A celebration of the ways that even young children can experience the wide world through their bodies as well as their minds.

YOU ARE A LION!

AND OTHER FUN YOGA POSES

Sometimes a stretch of the imagination is good for the body, as well.

Seven simple yoga poses (lion, butterfly, dog, snake, frog, cat, mountain) and a rest pose are depicted by a rounded and multiethnic group of preschoolers. An opening scene shows six children gathered in a grassy meadow: “When the golden sun rises / Warm rays fill the garden / Children all gather / Namaste to the morning.” Each subsequent pose is shown in a two-page spread in which a different child demonstrates the pose (“Sit on your heels / Hands on our knees / Tongue out! / You are a …”).
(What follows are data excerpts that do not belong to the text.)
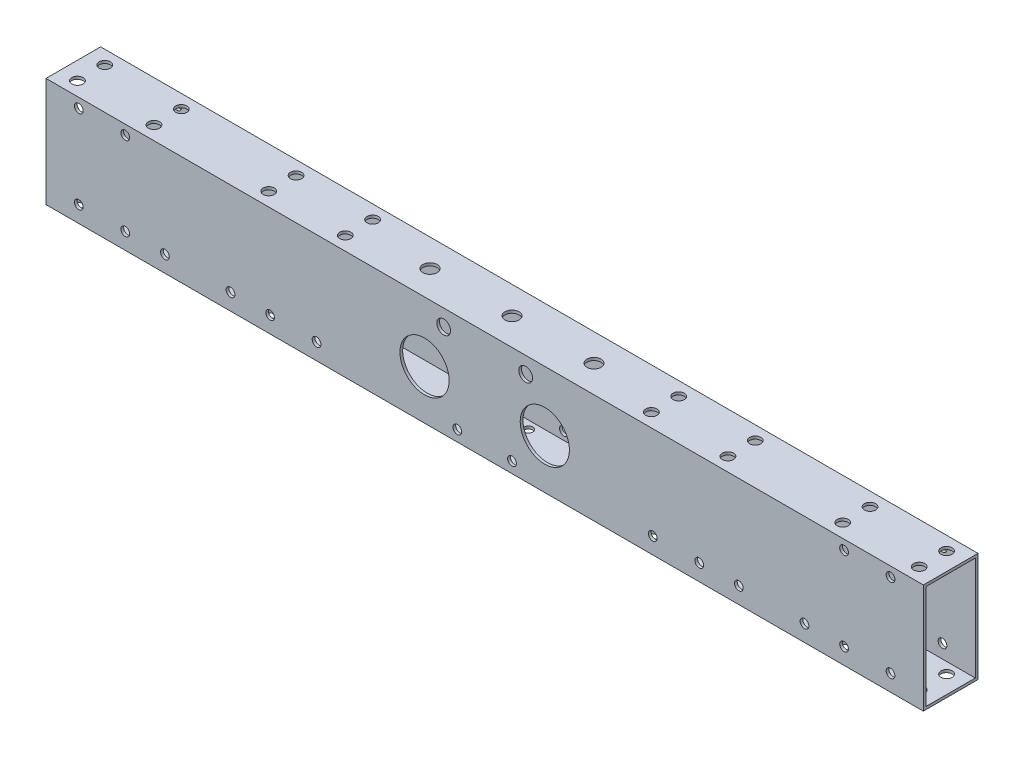
SolidWorks part; units mm, degrees
material "6061-T6 (SS)"
ref_plane "前视基准面" through (0, 0, 0) normal (0, 0, 1) x (1, 0, 0)
ref_plane "上视基准面" through (0, 0, 0) normal (0, 1, 0) x (1, 0, 0)
ref_plane "右视基准面" through (0, 0, 0) normal (1, 0, 0) x (0, 0, -1)
sketch "草图1" plane through (0, 0, 0) normal (1, 0, 0) x (0, 0, -1)
  line L0 (9, 19) -> (9, -19)
  line L1 (10, 20) -> (-10, 20)
  line L2 (10, 20) -> (10, -20)
  line L3 (10, -20) -> (-10, -20)
  line L4 (-10, 20) -> (-10, -20)
  line L5 (10, 20) -> (-10, -20) construction
  line L6 (10, -20) -> (-10, 20) construction
  line L7 (9, -19) -> (-9, -19)
  line L8 (-9, 19) -> (-9, -19)
  line L9 (9, 19) -> (-9, 19)
  point P0 (0, 0)
  dimension "D1" = 40
  dimension "D2" = 20
  dimension "D3" = 1
extrude "凸台-拉伸1" add sketch "草图1" along normal blind 321
sketch "草图2" plane through (0, 20, 0) normal (0, 1, 0) x (1, 0, 0)
  line L0 (160.5, 10) -> (160.5, -10) construction
  line L1 (321, 10) -> (0, 10) construction
  line L2 (321, -10) -> (0, -10) construction
  line L4 (104.5, 5) -> (76.5, 5) construction
  line L5 (104.5, 5) -> (104.5, -5) construction
  line L6 (104.5, -5) -> (76.5, -5) construction
  line L7 (76.5, 5) -> (76.5, -5) construction
  line L8 (104.5, 5) -> (76.5, -5) construction
  line L9 (104.5, -5) -> (76.5, 5) construction
  circle A0 centre (76.5, 5) radius 2.05
  circle A1 centre (76.5, -5) radius 2.05
  circle A2 centre (104.5, -5) radius 2.05
  circle A3 centre (104.5, 5) radius 2.05
  circle A4 centre (216.5, -5) radius 2.05
  circle A5 centre (216.5, 5) radius 2.05
  circle A6 centre (244.5, -5) radius 2.05
  circle A7 centre (244.5, 5) radius 2.05
  point P6 (90.5, 0)
  point P16 (160.5, 0)
  dimension "D3" = 4.1
  dimension "D1" = 140
  dimension "D2" = 10
  dimension "D4" = 28
extrude "切除-拉伸1" cut sketch "草图2" against normal through all
sketch "草图3" plane through (0, -20, 0) normal (0, -1, 0) x (1, 0, 0)
  circle A0 centre (76.5, 5) radius 3.75
  circle A1 centre (76.5, -5) radius 3.75
  circle A2 centre (104.5, 5) radius 3.75
  circle A3 centre (104.5, -5) radius 3.75
  circle A4 centre (216.5, 5) radius 3.75
  circle A5 centre (244.5, 5) radius 3.75
  circle A6 centre (244.5, -5) radius 3.75
  circle A7 centre (216.5, -5) radius 3.75
  dimension "D1" = 7.5
extrude "切除-拉伸2" [suppressed] cut sketch "草图3" against normal up to next
sketch "草图5" plane through (0, 0, 10) normal (0, 0, 1) x (1, 0, 0)
  line L0 (0, -20) -> (10.718, 20)
  line L1 (321, 20) -> (0, 20) construction
  line L2 (10.718, 20) -> (0, 20)
  line L3 (0, 20) -> (0, -20)
  line L4 (321, -20) -> (321, 20)
  line L5 (321, 20) -> (310.282, 20)
  line L6 (310.282, 20) -> (321, -20)
  line L8 (321, -20) -> (0, -20) construction
  dimension "D1" = 75
extrude "切除-拉伸3" [suppressed] cut sketch "草图5" against normal through all
sketch "草图4" [suppressed] plane through (0, 20, 0) normal (0, 1, 0) x (1, 0, 0)
  line L0 (160.5, 10) -> (160.5, -10) construction
  line L1 (310.282, 10) -> (10.718, 10) construction
  line L2 (310.282, -10) -> (10.718, -10) construction
  line L4 (60.718, 4) -> (20.718, 4) construction
  line L5 (60.718, 4) -> (60.718, -4) construction
  line L6 (60.718, -4) -> (20.718, -4) construction
  line L7 (20.718, 4) -> (20.718, -4) construction
  line L8 (60.718, 4) -> (20.718, -4) construction
  line L9 (60.718, -4) -> (20.718, 4) construction
  line L10 (10.718, 10) -> (10.718, -10) construction
  circle A0 centre (20.718, 4) radius 2.1
  circle A1 centre (20.718, -4) radius 2.1
  circle A2 centre (40.718, 4) radius 2.1
  circle A3 centre (40.718, -4) radius 2.1
  circle A4 centre (60.718, 4) radius 2.1
  circle A5 centre (60.718, -4) radius 2.1
  circle A6 centre (300.282, -4) radius 2.1
  circle A7 centre (280.282, -4) radius 2.1
  circle A8 centre (260.282, -4) radius 2.1
  circle A9 centre (260.282, 4) radius 2.1
  circle A10 centre (280.282, 4) radius 2.1
  circle A11 centre (300.282, 4) radius 2.1
  point P6 (40.718, 0)
  point P12 (160.5, 0)
  dimension "D4" = 4.2
  dimension "D1" = 8
  dimension "D2" = 40
  dimension "D3" = 10
extrude "切除-拉伸4" [suppressed] cut sketch "草图4" against normal through all
sketch "草图6" plane through (0, -20, 0) normal (0, -1, 0) x (1, 0, 0)
  line L0 (160.5, 10) -> (160.5, -10) construction
  line L1 (321, 10) -> (0, 10) construction
  line L2 (321, -10) -> (0, -10) construction
  line L4 (180.5, 6) -> (140.5, 6) construction
  line L5 (180.5, 6) -> (180.5, -6) construction
  line L6 (180.5, -6) -> (140.5, -6) construction
  line L7 (140.5, 6) -> (140.5, -6) construction
  line L8 (180.5, 6) -> (140.5, -6) construction
  line L9 (180.5, -6) -> (140.5, 6) construction
  circle A0 centre (140.5, 6) radius 1.6
  circle A1 centre (160.5, 6) radius 1.6
  circle A2 centre (180.5, 6) radius 1.6
  circle A3 centre (180.5, -6) radius 1.6
  circle A4 centre (160.5, -6) radius 1.6
  circle A5 centre (140.5, -6) radius 1.6
  point P6 (160.5, 0)
  dimension "D3" = 3.2
  dimension "D1" = 40
  dimension "D2" = 4
extrude "切除-拉伸5" cut sketch "草图6" against normal up to next
sketch "草图7" plane through (0, 0, 10) normal (0, 0, 1) x (1, 0, 0)
  line L0 (160.5, -20) -> (160.5, 20) construction
  line L1 (321, -20) -> (0, -20) construction
  line L2 (321, 20) -> (0, 20) construction
  line L3 (130.5, -16) -> (150.5, -16) construction
  line L4 (150.5, -16) -> (170.5, -16) construction
  line L5 (140.5, 2) -> (180.5, 2) construction
  line L6 (140.5, 8) -> (180.5, 8)
  line L7 (140.5, -4) -> (180.5, -4)
  circle A0 centre (130.5, -16) radius 1.6 construction
  circle A1 centre (150.5, -16) radius 1.6
  circle A2 centre (170.5, -16) radius 1.6
  circle A3 centre (190.5, -16) radius 1.6 construction
  arc A4 (140.5, 8) -> (140.5, -4) centre (140.5, 2) ccw
  arc A5 (180.5, -4) -> (180.5, 8) centre (180.5, 2) ccw
  point P8 (160.5, -16)
  point P19 (160.5, 2)
  dimension "D1" = 3.2
  dimension "D6" = 6
  dimension "D3" = 20
  dimension "D4" = 4
  dimension "D5" = 40
  dimension "D7" = 18
  dimension "D2" = 4
extrude "切除-拉伸6" [suppressed] cut sketch "草图7" against normal through all both and the other way through all
sketch "草图9" plane through (0, 0, 10) normal (0, 0, 1) x (1, 0, 0)
  line L0 (160.5, 20) -> (160.5, -20) construction
  line L1 (321, 20) -> (0, 20) construction
  line L2 (321, -20) -> (0, -20) construction
  line L3 (55.5, 0) -> (5.5, 0) construction
  line L4 (50.5, 16) -> (10.5, 16) construction
  line L5 (50.5, 16) -> (50.5, -16) construction
  line L6 (50.5, -16) -> (10.5, -16) construction
  line L7 (10.5, 16) -> (10.5, -16) construction
  line L8 (50.5, 16) -> (10.5, -16) construction
  line L9 (50.5, -16) -> (10.5, 16) construction
  line L10 (55.5, -6) -> (5.5, -6)
  line L11 (55.5, 6) -> (5.5, 6)
  line L12 (265.5, 0) -> (315.5, 0) construction
  line L13 (265.5, -6) -> (315.5, -6)
  line L14 (265.5, 6) -> (315.5, 6)
  circle A0 centre (10.5, 16) radius 1.6
  circle A1 centre (30.5, 16) radius 1.6
  circle A2 centre (50.5, 16) radius 1.6
  circle A3 centre (50.5, -16) radius 1.6
  circle A4 centre (30.5, -16) radius 1.6
  circle A5 centre (10.5, -16) radius 1.6
  arc A6 (55.5, -6) -> (55.5, 6) centre (55.5, 0) ccw
  arc A7 (5.5, 6) -> (5.5, -6) centre (5.5, 0) ccw
  arc A8 (265.5, -6) -> (265.5, 6) centre (265.5, 0) cw
  arc A9 (315.5, 6) -> (315.5, -6) centre (315.5, 0) cw
  circle A10 centre (270.5, -16) radius 1.6
  circle A11 centre (290.5, -16) radius 1.6
  circle A12 centre (310.5, -16) radius 1.6
  circle A13 centre (310.5, 16) radius 1.6
  circle A14 centre (290.5, 16) radius 1.6
  circle A15 centre (270.5, 16) radius 1.6
  point P6 (30.5, 0)
  point P12 (160.5, 0)
  point P22 (30.5, 0)
  point P31 (290.5, 0)
  dimension "D4" = 3.2
  dimension "D5" = 6
  dimension "D1" = 4
  dimension "D2" = 40
  dimension "D3" = 110
  dimension "D6" = 50
extrude "切除-拉伸7" [suppressed] cut sketch "草图9" against normal through all
sketch "草图10" plane through (0, 20, 0) normal (0, 1, 0) x (1, 0, 0)
  line L0 (160.5, 10) -> (160.5, -10) construction
  line L1 (40.5, 6) -> (20.5, 6) construction
  line L2 (40.5, 6) -> (40.5, -6) construction
  line L3 (40.5, -6) -> (20.5, -6) construction
  line L4 (20.5, 6) -> (20.5, -6) construction
  line L5 (40.5, 6) -> (20.5, -6) construction
  line L6 (40.5, -6) -> (20.5, 6) construction
  line L7 (321, 10) -> (0, 10) construction
  line L8 (321, -10) -> (0, -10) construction
  circle A0 centre (20.5, 6) radius 1.6
  circle A1 centre (20.5, -6) radius 1.6
  circle A2 centre (40.5, -6) radius 1.6
  circle A3 centre (40.5, 6) radius 1.6
  circle A4 centre (280.5, -6) radius 1.6
  circle A5 centre (280.5, 6) radius 1.6
  circle A6 centre (300.5, -6) radius 1.6
  circle A7 centre (300.5, 6) radius 1.6
  point P0 (30.5, 0)
  point P12 (160.5, 0)
  dimension "D4" = 3.2
  dimension "D1" = 20
  dimension "D2" = 4
  dimension "D3" = 120
extrude "切除-拉伸8" [suppressed] cut sketch "草图10" against normal through all
sketch "草图11" [suppressed] plane through (0, 20, 0) normal (0, 1, 0) x (1, 0, 0)
  line L0 (70.45, 10) -> (70.45, -10)
  line L3 (449.282, 10) -> (10.718, 10) construction
  line L4 (449.282, -10) -> (10.718, -10) construction
  line L5 (10.45, 9) -> (10.45, -9) construction
  dimension "D1" = 60
sketch "草图12" plane through (0, 20, 0) normal (0, 1, 0) x (1, 0, 0)
  line L0 (160.5, 10) -> (160.5, -49990) construction
  line L1 (321, 10) -> (0, 10) construction
  line L2 (0, 0) -> (-50000, 0) construction
  line L3 (0, 10) -> (0, -10) construction
  line L4 (130.5, 0) -> (160.5, 0) construction
  circle A0 centre (130.5, 0) radius 2.6
  circle A1 centre (160.5, 0) radius 2.6
  circle A2 centre (190.5, 0) radius 2.6
  point P4 (160.5, 10)
  point P9 (0, 0)
  dimension "D1" = 5.2
  dimension "D2" = 30
  dimension "D4" = 30
  dimension "D3" = 3
extrude "切除-拉伸9" cut sketch "草图12" against normal up to next
sketch "草图13" plane through (0, 0, 10) normal (0, 0, 1) x (1, 0, 0)
  line L0 (246.55, 20) -> (242.45, 20) construction
  line L1 (246.55, 20) -> (242.45, 20) construction
  line L2 (218.55, 20) -> (214.45, 20) construction
  line L3 (218.55, 20) -> (214.45, 20) construction
  line L4 (214.45, 20) -> (218.55, 20) construction
  line L5 (214.45, 20) -> (214.45, -20) construction
  line L6 (218.55, 20) -> (218.55, -20) construction
  line L7 (214.45, -20) -> (218.55, -20) construction
  line L8 (242.45, 20) -> (246.55, 20) construction
  line L9 (242.45, 20) -> (242.45, -20) construction
  line L10 (246.55, 20) -> (246.55, -20) construction
  line L11 (242.45, -20) -> (246.55, -20) construction
  line L12 (321, -20) -> (0, -20) construction
  line L13 (218.55, 20) -> (242.45, 20) construction
  line L14 (311, 20) -> (311, -49980) construction
  line L15 (321, 0) -> (50321, 0) construction
  line L16 (321, 20) -> (321, -20) construction
  line L17 (311, 13) -> (311, 0) construction
  line L18 (311, 13) -> (287, 13) construction
  line L19 (160.5, 20) -> (160.5, -49980) construction
  line L20 (321, 20) -> (0, 20) construction
  circle A0 centre (311, 13) radius 2.1
  circle A1 centre (311, 0) radius 2.1
  circle A2 centre (311, -13) radius 2.1
  circle A3 centre (287, 13) radius 2.1
  circle A4 centre (287, 0) radius 2.1
  circle A5 centre (287, -13) radius 2.1
  circle A6 centre (10, 13) radius 2.1
  circle A7 centre (10, 0) radius 2.1
  circle A8 centre (10, -13) radius 2.1
  circle A9 centre (34, -13) radius 2.1
  circle A10 centre (34, 0) radius 2.1
  circle A11 centre (34, 13) radius 2.1
  point P17 (321, 0)
  point P38 (160.5, 20)
  dimension "D1" = 4.2
  dimension "D2" = 13
  dimension "D4" = 13
  dimension "D6" = 24
  dimension "D7" = 10
  dimension "D3" = 3
  dimension "D5" = 2
sketch "草图14" plane through (0, 20, 0) normal (0, 1, 0) x (1, 0, 0)
  line L0 (160.5, 10) -> (160.5, -49990) construction
  line L1 (321, 10) -> (0, 10) construction
  line L2 (321, 0) -> (50321, 0) construction
  line L3 (321, 10) -> (321, -10) construction
  line L5 (286.5, 5) -> (314.5, 5) construction
  line L6 (286.5, 5) -> (286.5, -5) construction
  line L7 (286.5, -5) -> (314.5, -5) construction
  line L8 (314.5, 5) -> (314.5, -5) construction
  line L9 (300.5, -5) -> (300.5, 5) construction
  line L10 (286.5, 0) -> (314.5, 0) construction
  circle A0 centre (314.5, 5) radius 2.05
  circle A1 centre (314.5, -5) radius 2.05
  circle A2 centre (286.5, -5) radius 2.05
  circle A3 centre (286.5, 5) radius 2.05
  circle A4 centre (34.5, -5) radius 2.05
  circle A5 centre (6.5, -5) radius 2.05
  circle A6 centre (6.5, 5) radius 2.05
  circle A7 centre (34.5, 5) radius 2.05
  point P4 (160.5, 10)
  point P9 (321, 0)
  point P10 (300.5, 0)
  dimension "D4" = 4.1
  dimension "D1" = 10
  dimension "D2" = 28
  dimension "D3" = 140
extrude "切除-拉伸11" cut sketch "草图14" against normal through all
extrude "切除-拉伸10" [suppressed] cut sketch "草图13" against normal through all
sketch "草图15" plane through (0, 0, 10) normal (0, 0, 1) x (1, 0, 0)
  line L0 (160.5, 20) -> (160.5, -49980) construction
  line L1 (321, 20) -> (0, 20) construction
  circle A0 centre (145.5, 14) radius 2.525
  circle A1 centre (175.5, 14) radius 2.525
  point P4 (160.5, 20)
  dimension "D1" = 5.05
  dimension "D2" = 6
  dimension "D3" = 15
extrude "切除-拉伸12" cut sketch "草图15" against normal through all
sketch "草图17" plane through (0, 0, 10) normal (0, 0, 1) x (1, 0, 0)
  line L0 (160.5, 20) -> (160.5, -49980) construction
  line L1 (321, 20) -> (0, 20) construction
  line L2 (222, -14) -> (-49778, -14) construction
  line L3 (321, -20) -> (0, -20) construction
  line L4 (292, 16.5) -> (-49708, 16.5) construction
  line L5 (321, 20) -> (321, -20) construction
  circle A0 centre (12, 16.5) radius 1.6
  circle A1 centre (29, 16.5) radius 1.6
  circle A2 centre (12, -14) radius 1.6
  circle A3 centre (29, -14) radius 1.6
  circle A4 centre (43.5, -14) radius 1.6
  circle A5 centre (67.5, -14) radius 1.6
  circle A6 centre (222, -14) radius 1.6
  circle A7 centre (239, -14) radius 1.6
  circle A8 centre (253.5, -14) radius 1.6
  circle A9 centre (277.5, -14) radius 1.6
  circle A10 centre (292, -14) radius 1.6
  circle A11 centre (309, -14) radius 1.6
  circle A12 centre (82, -14) radius 1.6
  circle A13 centre (99, -14) radius 1.6
  circle A14 centre (292, 16.5) radius 1.6
  circle A15 centre (309, 16.5) radius 1.6
  circle A16 centre (150.5, -16) radius 1.6
  circle A17 centre (170.5, -16) radius 1.6
  point P9 (160.5, 20)
  dimension "D2" = 3.5
  dimension "3" = 3.2
  dimension "D13" = 3.2
  dimension "D1" = 6
  dimension "D3" = 12
  dimension "D4" = 17
  dimension "D5" = 61.5
  dimension "D6" = 17
  dimension "D7" = 14.5
  dimension "D8" = 12
  dimension "D9" = 17
  dimension "D10" = 14.5
  dimension "D11" = 10
  dimension "D12" = 4
extrude "切除-拉伸13" cut sketch "草图17" against normal through all
sketch "草图18" plane through (0, 0, 10) normal (0, 0, 1) x (1, 0, 0)
  line L0 (160.5, 20) -> (160.5, -20) construction
  line L1 (321, 20) -> (0, 20) construction
  line L2 (321, -20) -> (0, -20) construction
  circle A2 centre (138.5, -2) radius 9
  circle A3 centre (182.5, -2) radius 9
  dimension "D1" = 18
  dimension "D2" = 18
  dimension "D3" = 22
extrude "切除-拉伸14" cut sketch "草图18" against normal through all

This is followed by a two-page opening in which the creature joins the child, and the world around becomes its habitat (“…LION / King of the jungle / Roaring so loud / Make the woods rumble”). Yoo’s palette is filled with warm colors, and her block-print and line drawings fill the space without overwhelming it. The generous white space in these openings, along with the friendly type, adds to the overall feeling of invitation and encouragement. This is a pleasingly uncomplicated introduction to yoga that can also simply be read as an invitation to play.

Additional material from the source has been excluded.